About Me

Saturday, February 8, 2014

ENCOUNTERS WITH D&D GAMES

I got my first D&D rule set in 1982, when I was 14, and I been into pencil and paper fantasy role playing games ever since. That doesn't mean I played, since then, of course, finding other players was the hardest part. Creating worlds was easy by comparison. I started playing almost immediately, rolled my first character as soon as I brought the books home. I took me an hour and a half and it was a Magic User. I played my first game with my dad and my brother within that month. It was a disaster, I didn't get a number of game mechanics and managed to turn off both of them to the game. There were two games I played in while at high school. First lasted 15 minutes at the high school library, when a librarian threw me out during my lunch period. It was one of the small feats of petty axxholedness on part of a teachers assistant that have greater repercussions down the road - that game was nipped in the bud. I played with another fellow, a future prominent poet and a songwriter, it was one on one, I played in his world, he played in mine.

I started playing in the days before the internet and the whole D&D thing was mysterious. The people behind the books in hobby shops, obscure game supplements, hard cover books and game modules that I couldn't afford, the game designers, like mysterious overlords. I played by all the rules, inquiring at the local library and at the hobby shop about games, and eventually found two games. I was in college by then. I didn't last very long in either game. In one, I was a bit older than other kids and we got another player, a construction guy who was, like 35 to my, maybe 21 years to other's 15 and 18 years of age. The game got rid of us, no doubt thanks to the influence of the parents. The other game was humongous affair held at the local public library that involved sixteen players and had a middle aged mad philosopher of a DM, who thought that Catholicism was a Lawful Good religion with evil tendencies. That game was an exercise in boredom: We sat around a huge conference table, and waited 20-30 minutes until our turn came to see what we were doing, which was mostly waiting. Everyone created their own back story and a character, which didn't really matter, for we all were standing in line in front of the dungeon entrance and it took us 3 hours of real time enter the dungeon, advance thirty or fifty feet down the corridor, and find the mysterious writing on the wall that nobody could read. The game was a failure, but it served as a meeting ground for several small groups to start their own games. The game was like a committee of inquest, but in reverse: In a matter of seconds, an accident occurs, that takes some lives, and forever changes others. In the aftermath, boards of inquiry and committees sit in long meetings recreating the tragic events in excruciating detail. Ina large D&D game the reverse happens: A group of players led by DM sits in a long sessions, hammering out what actually happens in a few minutes of intense combat and exploration. That aspect of D&D is also reminiscent of one other dynamic. In post WW2 military adventures and before arrival of the ubiquitous choppers in Vietnam, patrols were done by large and long columns and convoys of vehicles. The front of the column of the side might be ambushed and attacked by the enemy, and that sector would be involved in combat, while the rest of the column would spend hours just smoking and waiting for the vehicles to start moving again.
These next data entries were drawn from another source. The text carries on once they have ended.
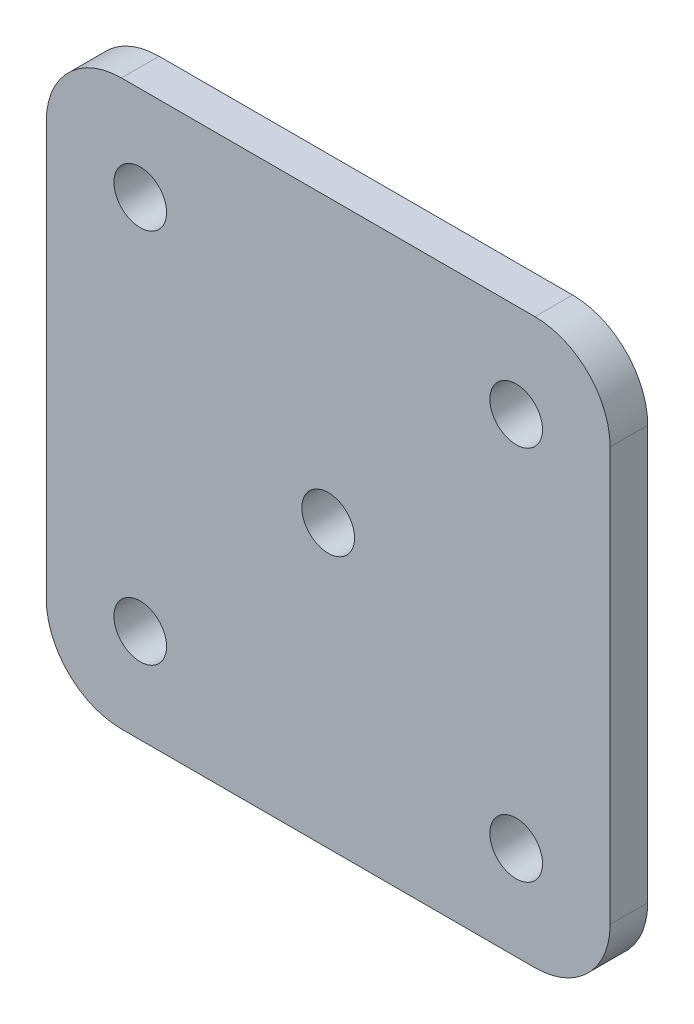
ISO-10303-21;
HEADER;
FILE_DESCRIPTION(('STEP AP214'),'2;1');
FILE_NAME('part.step','',(''),(''),'','','');
FILE_SCHEMA(('AUTOMOTIVE_DESIGN { 1 0 10303 214 1 1 1 1 }'));
ENDSEC;
DATA;
#1=APPLICATION_CONTEXT('core data for automotive mechanical design processes');
#2=APPLICATION_PROTOCOL_DEFINITION('international standard','automotive_design',2000,#1);
#3=PRODUCT_CONTEXT('',#1,'mechanical');
#4=PRODUCT('Part','Part','',(#3));
#5=PRODUCT_RELATED_PRODUCT_CATEGORY('part','',(#4));
#6=PRODUCT_DEFINITION_FORMATION('','',#4);
#7=PRODUCT_DEFINITION_CONTEXT('part definition',#1,'design');
#8=PRODUCT_DEFINITION('design','',#6,#7);
#9=PRODUCT_DEFINITION_SHAPE('','',#8);
#10=(LENGTH_UNIT() NAMED_UNIT(*) SI_UNIT(.MILLI.,.METRE.));
#11=(NAMED_UNIT(*) PLANE_ANGLE_UNIT() SI_UNIT($,.RADIAN.));
#12=(NAMED_UNIT(*) SI_UNIT($,.STERADIAN.) SOLID_ANGLE_UNIT());
#13=UNCERTAINTY_MEASURE_WITH_UNIT(LENGTH_MEASURE(1.E-05),#10,'distance_accuracy_value','');
#14=(GEOMETRIC_REPRESENTATION_CONTEXT(3) GLOBAL_UNCERTAINTY_ASSIGNED_CONTEXT((#13)) GLOBAL_UNIT_ASSIGNED_CONTEXT((#10,
#11,#12)) REPRESENTATION_CONTEXT('',''));
#15=CARTESIAN_POINT('',(0.,0.,0.));
#16=DIRECTION('',(0.,0.,1.));
#17=DIRECTION('',(1.,0.,0.));
#18=AXIS2_PLACEMENT_3D('',#15,#16,#17);
#19=CARTESIAN_POINT('',(-37.5,37.5,5.));
#20=DIRECTION('',(1.,0.,0.));
#21=DIRECTION('',(0.,1.,0.));
#22=AXIS2_PLACEMENT_3D('',#19,#20,#21);
#23=PLANE('',#22);
#24=DIRECTION('',(0.,-1.,0.));
#25=VECTOR('',#24,1.);
#26=CARTESIAN_POINT('',(-37.5,37.5,5.));
#27=LINE('',#26,#25);
#28=CARTESIAN_POINT('',(-37.5,27.5,5.));
#29=VERTEX_POINT('',#28);
#30=CARTESIAN_POINT('',(-37.5,-27.5,5.));
#31=VERTEX_POINT('',#30);
#32=EDGE_CURVE('E123',#29,#31,#27,.T.);
#33=ORIENTED_EDGE('',*,*,#32,.F.);
#34=DIRECTION('',(0.,0.,-1.));
#35=VECTOR('',#34,1.);
#36=CARTESIAN_POINT('',(-37.5,27.5,5.));
#37=LINE('',#36,#35);
#38=CARTESIAN_POINT('',(-37.5,27.5,0.));
#39=VERTEX_POINT('',#38);
#40=EDGE_CURVE('E108',#29,#39,#37,.T.);
#41=ORIENTED_EDGE('',*,*,#40,.T.);
#42=DIRECTION('',(0.,-1.,0.));
#43=VECTOR('',#42,1.);
#44=CARTESIAN_POINT('',(-37.5,37.5,0.));
#45=LINE('',#44,#43);
#46=CARTESIAN_POINT('',(-37.5,-27.5,0.));
#47=VERTEX_POINT('',#46);
#48=EDGE_CURVE('E120',#39,#47,#45,.T.);
#49=ORIENTED_EDGE('',*,*,#48,.T.);
#50=DIRECTION('',(0.,0.,-1.));
#51=VECTOR('',#50,1.);
#52=CARTESIAN_POINT('',(-37.5,-27.5,5.));
#53=LINE('',#52,#51);
#54=EDGE_CURVE('E125',#47,#31,#53,.F.);
#55=ORIENTED_EDGE('',*,*,#54,.T.);
#56=EDGE_LOOP('',(#33,#41,#49,#55));
#57=FACE_BOUND('',#56,.T.);
#58=ADVANCED_FACE('F38',(#57),#23,.F.);
#59=CARTESIAN_POINT('',(-37.5,-37.5,5.));
#60=DIRECTION('',(0.,1.,0.));
#61=DIRECTION('',(-1.,0.,0.));
#62=AXIS2_PLACEMENT_3D('',#59,#60,#61);
#63=PLANE('',#62);
#64=DIRECTION('',(1.,0.,0.));
#65=VECTOR('',#64,1.);
#66=CARTESIAN_POINT('',(-37.5,-37.5,5.));
#67=LINE('',#66,#65);
#68=CARTESIAN_POINT('',(-27.5,-37.5,5.));
#69=VERTEX_POINT('',#68);
#70=CARTESIAN_POINT('',(27.5,-37.5,5.));
#71=VERTEX_POINT('',#70);
#72=EDGE_CURVE('E169',#69,#71,#67,.T.);
#73=ORIENTED_EDGE('',*,*,#72,.F.);
#74=DIRECTION('',(0.,0.,-1.));
#75=VECTOR('',#74,1.);
#76=CARTESIAN_POINT('',(-27.5,-37.5,5.));
#77=LINE('',#76,#75);
#78=CARTESIAN_POINT('',(-27.5,-37.5,0.));
#79=VERTEX_POINT('',#78);
#80=EDGE_CURVE('E162',#69,#79,#77,.T.);
#81=ORIENTED_EDGE('',*,*,#80,.T.);
#82=DIRECTION('',(1.,0.,0.));
#83=VECTOR('',#82,1.);
#84=CARTESIAN_POINT('',(-37.5,-37.5,0.));
#85=LINE('',#84,#83);
#86=CARTESIAN_POINT('',(27.5,-37.5,0.));
#87=VERTEX_POINT('',#86);
#88=EDGE_CURVE('E129',#79,#87,#85,.T.);
#89=ORIENTED_EDGE('',*,*,#88,.T.);
#90=DIRECTION('',(0.,0.,-1.));
#91=VECTOR('',#90,1.);
#92=CARTESIAN_POINT('',(27.5,-37.5,5.));
#93=LINE('',#92,#91);
#94=EDGE_CURVE('E160',#87,#71,#93,.F.);
#95=ORIENTED_EDGE('',*,*,#94,.T.);
#96=EDGE_LOOP('',(#73,#81,#89,#95));
#97=FACE_BOUND('',#96,.T.);
#98=ADVANCED_FACE('F167',(#97),#63,.F.);
#99=CARTESIAN_POINT('',(37.5,37.5,5.));
#100=DIRECTION('',(-1.,0.,0.));
#101=DIRECTION('',(0.,0.,1.));
#102=AXIS2_PLACEMENT_3D('',#99,#100,#101);
#103=PLANE('',#102);
#104=DIRECTION('',(0.,1.,0.));
#105=VECTOR('',#104,1.);
#106=CARTESIAN_POINT('',(37.5,37.5,5.));
#107=LINE('',#106,#105);
#108=CARTESIAN_POINT('',(37.5,-27.5,5.));
#109=VERTEX_POINT('',#108);
#110=CARTESIAN_POINT('',(37.5,27.5,5.));
#111=VERTEX_POINT('',#110);
#112=EDGE_CURVE('E177',#109,#111,#107,.T.);
#113=ORIENTED_EDGE('',*,*,#112,.F.);
#114=DIRECTION('',(0.,0.,-1.));
#115=VECTOR('',#114,1.);
#116=CARTESIAN_POINT('',(37.5,-27.5,5.));
#117=LINE('',#116,#115);
#118=CARTESIAN_POINT('',(37.5,-27.5,0.));
#119=VERTEX_POINT('',#118);
#120=EDGE_CURVE('E11',#109,#119,#117,.T.);
#121=ORIENTED_EDGE('',*,*,#120,.T.);
#122=DIRECTION('',(0.,1.,0.));
#123=VECTOR('',#122,1.);
#124=CARTESIAN_POINT('',(37.5,37.5,0.));
#125=LINE('',#124,#123);
#126=CARTESIAN_POINT('',(37.5,27.5,0.));
#127=VERTEX_POINT('',#126);
#128=EDGE_CURVE('E133',#119,#127,#125,.T.);
#129=ORIENTED_EDGE('',*,*,#128,.T.);
#130=DIRECTION('',(0.,0.,-1.));
#131=VECTOR('',#130,1.);
#132=CARTESIAN_POINT('',(37.5,27.5,5.));
#133=LINE('',#132,#131);
#134=EDGE_CURVE('E46',#127,#111,#133,.F.);
#135=ORIENTED_EDGE('',*,*,#134,.T.);
#136=EDGE_LOOP('',(#113,#121,#129,#135));
#137=FACE_BOUND('',#136,.T.);
#138=ADVANCED_FACE('F176',(#137),#103,.F.);
#139=CARTESIAN_POINT('',(-37.5,37.5,5.));
#140=DIRECTION('',(0.,-1.,0.));
#141=DIRECTION('',(1.,0.,0.));
#142=AXIS2_PLACEMENT_3D('',#139,#140,#141);
#143=PLANE('',#142);
#144=DIRECTION('',(-1.,0.,0.));
#145=VECTOR('',#144,1.);
#146=CARTESIAN_POINT('',(-37.5,37.5,0.));
#147=LINE('',#146,#145);
#148=CARTESIAN_POINT('',(27.5,37.5,0.));
#149=VERTEX_POINT('',#148);
#150=CARTESIAN_POINT('',(-27.5,37.5,0.));
#151=VERTEX_POINT('',#150);
#152=EDGE_CURVE('E143',#149,#151,#147,.T.);
#153=ORIENTED_EDGE('',*,*,#152,.T.);
#154=DIRECTION('',(0.,0.,-1.));
#155=VECTOR('',#154,1.);
#156=CARTESIAN_POINT('',(-27.5,37.5,5.));
#157=LINE('',#156,#155);
#158=CARTESIAN_POINT('',(-27.5,37.5,5.));
#159=VERTEX_POINT('',#158);
#160=EDGE_CURVE('E109',#151,#159,#157,.F.);
#161=ORIENTED_EDGE('',*,*,#160,.T.);
#162=DIRECTION('',(-1.,0.,0.));
#163=VECTOR('',#162,1.);
#164=CARTESIAN_POINT('',(-37.5,37.5,5.));
#165=LINE('',#164,#163);
#166=CARTESIAN_POINT('',(27.5,37.5,5.));
#167=VERTEX_POINT('',#166);
#168=EDGE_CURVE('E139',#167,#159,#165,.T.);
#169=ORIENTED_EDGE('',*,*,#168,.F.);
#170=DIRECTION('',(0.,0.,-1.));
#171=VECTOR('',#170,1.);
#172=CARTESIAN_POINT('',(27.5,37.5,5.));
#173=LINE('',#172,#171);
#174=EDGE_CURVE('E114',#167,#149,#173,.T.);
#175=ORIENTED_EDGE('',*,*,#174,.T.);
#176=EDGE_LOOP('',(#153,#161,#169,#175));
#177=FACE_BOUND('',#176,.T.);
#178=ADVANCED_FACE('F215',(#177),#143,.F.);
#179=CARTESIAN_POINT('',(0.,0.,5.));
#180=DIRECTION('',(0.,0.,1.));
#181=DIRECTION('',(1.,0.,0.));
#182=AXIS2_PLACEMENT_3D('',#179,#180,#181);
#183=PLANE('',#182);
#184=CARTESIAN_POINT('',(0.,0.,5.));
#185=DIRECTION('',(0.,0.,1.));
#186=DIRECTION('',(1.,0.,0.));
#187=AXIS2_PLACEMENT_3D('',#184,#185,#186);
#188=CIRCLE('',#187,3.5);
#189=CARTESIAN_POINT('',(3.5,0.,5.));
#190=VERTEX_POINT('',#189);
#191=EDGE_CURVE('E206',#190,#190,#188,.T.);
#192=ORIENTED_EDGE('',*,*,#191,.F.);
#193=EDGE_LOOP('',(#192));
#194=FACE_BOUND('',#193,.T.);
#195=CARTESIAN_POINT('',(-25.,25.,5.));
#196=DIRECTION('',(0.,0.,1.));
#197=DIRECTION('',(1.,0.,0.));
#198=AXIS2_PLACEMENT_3D('',#195,#196,#197);
#199=CIRCLE('',#198,3.5);
#200=CARTESIAN_POINT('',(-21.5,25.,5.));
#201=VERTEX_POINT('',#200);
#202=EDGE_CURVE('E200',#201,#201,#199,.T.);
#203=ORIENTED_EDGE('',*,*,#202,.F.);
#204=EDGE_LOOP('',(#203));
#205=FACE_BOUND('',#204,.T.);
#206=CARTESIAN_POINT('',(-25.,-25.,5.));
#207=DIRECTION('',(0.,0.,1.));
#208=DIRECTION('',(1.,0.,0.));
#209=AXIS2_PLACEMENT_3D('',#206,#207,#208);
#210=CIRCLE('',#209,3.5);
#211=CARTESIAN_POINT('',(-21.5,-25.,5.));
#212=VERTEX_POINT('',#211);
#213=EDGE_CURVE('E194',#212,#212,#210,.T.);
#214=ORIENTED_EDGE('',*,*,#213,.F.);
#215=EDGE_LOOP('',(#214));
#216=FACE_BOUND('',#215,.T.);
#217=CARTESIAN_POINT('',(25.,-25.,5.));
#218=DIRECTION('',(0.,0.,1.));
#219=DIRECTION('',(1.,0.,0.));
#220=AXIS2_PLACEMENT_3D('',#217,#218,#219);
#221=CIRCLE('',#220,3.5);
#222=CARTESIAN_POINT('',(28.5,-25.,5.));
#223=VERTEX_POINT('',#222);
#224=EDGE_CURVE('E188',#223,#223,#221,.T.);
#225=ORIENTED_EDGE('',*,*,#224,.F.);
#226=EDGE_LOOP('',(#225));
#227=FACE_BOUND('',#226,.T.);
#228=CARTESIAN_POINT('',(25.,25.,5.));
#229=DIRECTION('',(0.,0.,1.));
#230=DIRECTION('',(1.,0.,0.));
#231=AXIS2_PLACEMENT_3D('',#228,#229,#230);
#232=CIRCLE('',#231,3.5);
#233=CARTESIAN_POINT('',(28.5,25.,5.));
#234=VERTEX_POINT('',#233);
#235=EDGE_CURVE('E136',#234,#234,#232,.T.);
#236=ORIENTED_EDGE('',*,*,#235,.F.);
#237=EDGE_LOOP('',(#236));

Some in D&D gaming is a predictable cliché of D&D as a psychological coping mechanism. Here I was, a large dude, driving a truck to pay for college, boxing and playing war-games with real weapons in my national guard unit, having my D&D character pistol whipped by barbarian giant, played by a tiny little 13 year old from a broken home hiding behind thick specks. Less predictably, I got thrown out of a game, after my thief was attacked by another player character, thief drew knife and managed to kill the attacker with a natural 20. I was not invited to that game again, because I fight with and I kill other PC's. True to form, the douche bag of that DM didn't know that I knew and carried on as if he was my friend. There were two  ore interesting things that clued me in, that there was more going on in the game, than just D&D. I ran a brief game, where players filled out their character sheets with the biographic details of their alter egos. Fifteen years later, these biographic details became real, for most part, contrary to their own and their families' expectations. Much later, I was sitting in a patrol car with a grizzled police sergeant close to retirement and I explained D&D to him. And he exclaimed: Those guys are playing an armed robbery! Open the door, kill the monster, take the treasure! Force your way in, shoot the victim, take the money!